The users do need to download a driver--but this is pretty normal for
community-driven OSS databases. Besides the Apache projects I listed,
PostgreSQL also runs on a community-maintained driver model.
2. To confirm again, at one point at least the Java driver code
lived in the code-base, and further, at one point, people did
submit some patches to add drivers, but the PMC didn’t want to
maintain that code (and apparently they didn’t want to create
any new PMC members and/or committers to do so) and so thus
people started their own new projects? That right?

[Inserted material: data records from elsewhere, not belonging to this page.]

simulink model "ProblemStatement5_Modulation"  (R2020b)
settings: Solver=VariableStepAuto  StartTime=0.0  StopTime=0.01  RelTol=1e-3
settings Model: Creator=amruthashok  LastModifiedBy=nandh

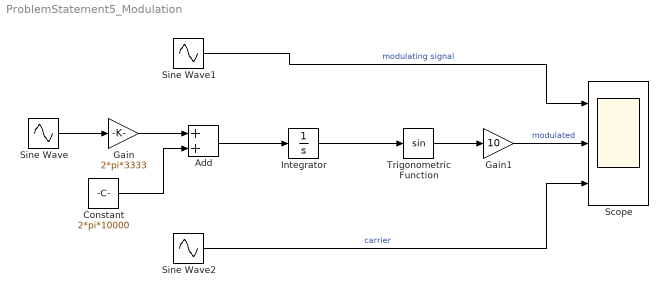
== system ProblemStatement5_Modulation ==
  Add : Sum
  Constant : Constant  Value=2*pi*10000
  Gain : Gain  Gain=2*pi*3333
  Gain1 : Gain  Gain=10
  Integrator : Integrator
  Scope : Scope  NumInputPorts=3
  Sine Wave : Sin  Amplitude=3  Frequency=2*pi*1000  Phase=pi/2  SampleTime=0
  Sine Wave1 : Sin  Amplitude=3  Frequency=2*pi*1000  Phase=pi/2  SampleTime=0
  Sine Wave2 : Sin  Amplitude=10  Frequency=2*pi*10000  SampleTime=0
  Trigonometric Function : Trigonometry
  wires:
  Sine Wave/1 -> Gain/1
  Gain/1 -> Add/1
  Constant/1 -> Add/2
  Add/1 -> Integrator/1
  Integrator/1 -> Trigonometric Function/1
  Gain1/1 -> Scope/2  "modulated"
  Trigonometric Function/1 -> Gain1/1
  Sine Wave1/1 -> Scope/1  "modulating signal"
  Sine Wave2/1 -> Scope/3  "carrier"
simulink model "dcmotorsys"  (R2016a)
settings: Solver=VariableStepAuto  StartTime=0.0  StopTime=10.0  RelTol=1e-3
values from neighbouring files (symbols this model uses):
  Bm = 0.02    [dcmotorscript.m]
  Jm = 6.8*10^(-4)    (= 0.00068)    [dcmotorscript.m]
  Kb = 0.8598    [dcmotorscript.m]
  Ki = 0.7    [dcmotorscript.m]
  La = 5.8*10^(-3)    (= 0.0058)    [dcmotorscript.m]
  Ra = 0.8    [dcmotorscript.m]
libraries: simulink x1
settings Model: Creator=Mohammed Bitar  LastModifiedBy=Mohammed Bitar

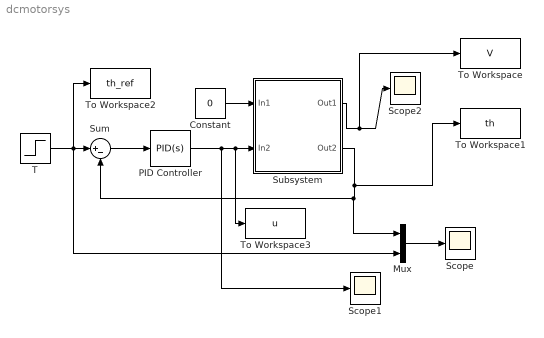
== system dcmotorsys ==
  Constant : Constant  Value=0
  Mux : Mux  Inputs=2
  PID Controller : simulink/Continuous/PID Controller  Controller=PID  TimeDomain=Continuous-time  SampleTime=-1  IntegratorMethod=Forward Euler  FilterMethod=Forward Euler  Form=Parallel  UseFilter=on  ControllerParametersSource=internal  P=45.8180732540142  I=475.189462987433  D=-0.153685385517573  N=298.12901922789  InitialConditionSource=internal  InitialConditionForIntegrator=0  InitialConditionForFilter=0  ExternalReset=none  LimitOutput=off  UpperSaturationLimit=inf  LowerSaturationLimit=-inf  LinearizeAsGain=on  AntiWindupMode=none  Kb=1  TrackingMode=off  Kt=1  PParamMin=[]  PParamMax=[]  IParamMin=[]  IParamMax=[]  DParamMin=[]  DParamMax=[]  NParamMin=[]  NParamMax=[]  KbParamMin=[]  KbParamMax=[]  KtParamMin=[]  KtParamMax=[]  POutMin=[]  POutMax=[]  IOutMin=[]  IOutMax=[]  DOutMin=[]  DOutMax=[]  NOutMin=[]  NOutMax=[]  KbOutMin=[]  KbOutMax=[]  KtOutMin=[]  KtOutMax=[]  IntegratorOutMin=[]  IntegratorOutMax=[]  FilterOutMin=[]  FilterOutMax=[]  SumOutMin=[]  SumOutMax=[]  SumI1OutMin=[]  SumI1OutMax=[]  SumI2OutMin=[]  SumI2OutMax=[]  SumI3OutMin=[]  SumI3OutMax=[]  SumDOutMin=[]  SumDOutMax=[]  SaturationOutMin=[]  SaturationOutMax=[]  IntegratorContinuousStateAttributes=''  IntegratorStateMustResolveToSignalObject=off  IntegratorRTWStateStorageClass=Auto  FilterContinuousStateAttributes=''  FilterStateMustResolveToSignalObject=off  FilterRTWStateStorageClass=Auto  DifferentiatorICPrevScaledInput=0  DifferentiatorOutMin=[]  DifferentiatorOutMax=[]
  Scope : Scope
  Scope1 : Scope
  Scope2 : Scope
  Subsystem : Subsystem
      mask Display:
      | color('red')
      | port_label('input',1,'T_L')
      | port_label('input',2,'Ref')
      | color('blue')
      | port_label('output',1,'v')
      | port_label('output',2,'th')
  Sum : Sum  Inputs=|+-
  T : Step  SampleTime=0
  To Workspace : ToWorkspace  VariableName=V  SampleTime=0.01
  To Workspace1 : ToWorkspace  VariableName=th  SampleTime=0.01
  To Workspace2 : ToWorkspace  VariableName=th_ref  SampleTime=0.01
  To Workspace3 : ToWorkspace  VariableName=u  SampleTime=0.01
  wires:
  Mux/1 -> Scope/1
  Constant/1 -> Subsystem/1(In1)
  PID Controller/1 -> Scope1/1, To Workspace3/1, Subsystem/2(In2)
  Sum/1 -> PID Controller/1
  Subsystem/1(Out1) -> To Workspace/1, Scope2/1
  T/1 -> To Workspace2/1, Mux/2, Sum/1
  Subsystem/2(Out2) -> To Workspace1/1, Mux/1, Sum/2

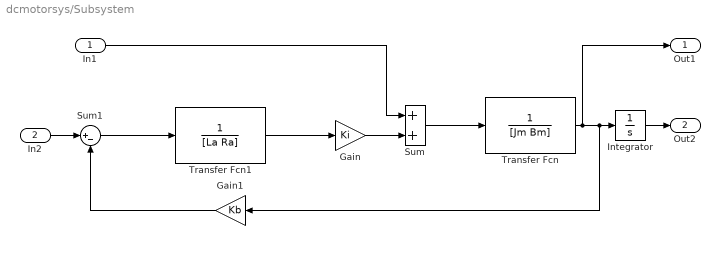
== system dcmotorsys/Subsystem ==
  In1 : Inport
  In2 : Inport  Port=2
  Gain : Gain  Gain=Ki
  Gain1 : Gain  Gain=Kb
  Integrator : Integrator
  Sum : Sum
  Sum1 : Sum  Inputs=|+-
  Transfer Fcn : TransferFcn  Denominator=[Jm Bm]
  Transfer Fcn1 : TransferFcn  Denominator=[La Ra]
  Out1 : Outport
  Out2 : Outport  Port=2
  wires:
  Gain1/1 -> Sum1/2
  Sum1/1 -> Transfer Fcn1/1
  Transfer Fcn1/1 -> Gain/1
  Gain/1 -> Sum/2
  In1/1 -> Sum/1
  Sum/1 -> Transfer Fcn/1
  In2/1 -> Sum1/1
  Transfer Fcn/1 -> Gain1/1, Integrator/1, Out1/1
  Integrator/1 -> Out2/1

I think that summary over-emphasizes the governance aspect at the expense
of more important considerations:
0. The very first Cassandra driver interface was Thrift. No Thrift clients
were ever part of the Cassandra tree.
1. When we created the CQL protocol, we initially had a Java driver in tree
as a reference implementation.
2. But due primarily to the project management issues mentioned by Nate,
and secondarily to the governance aspects above, we moved quickly back to
the pure community-driven drivers approach that had worked for us before.
2a. While some Apache databases do ship a Java driver in tree, I think that
this hinders adoption because it signals to users that non-Java drivers are
second-class citizens. (No doubt this is not the *intent* of that
decision, but it is a likely consequence nevertheless.)
2b. DataStax saw CQL adoption as a key driver for Cassandra adoption and
hence its own success, and hired a team to accelerate the production of
drivers for the new CQL protocol. These drivers are Apache licensed and
see broad community participation, e.g. with ~70 contributors to the Java
driver.
2c. Neither has DataStax "sucked the oxygen out of the room." Lots of
non-DataStax drivers exist as well.
As Aleksey pointed out earlier, I don't see anyone being harmed by this
state of affairs. Cassandra PMC doesn't want to run drivers projects,
driver authors don't want to be run by Cassandra PMC, and meanwhile users
have Apache licensed drivers that let them be productive with Cassandra.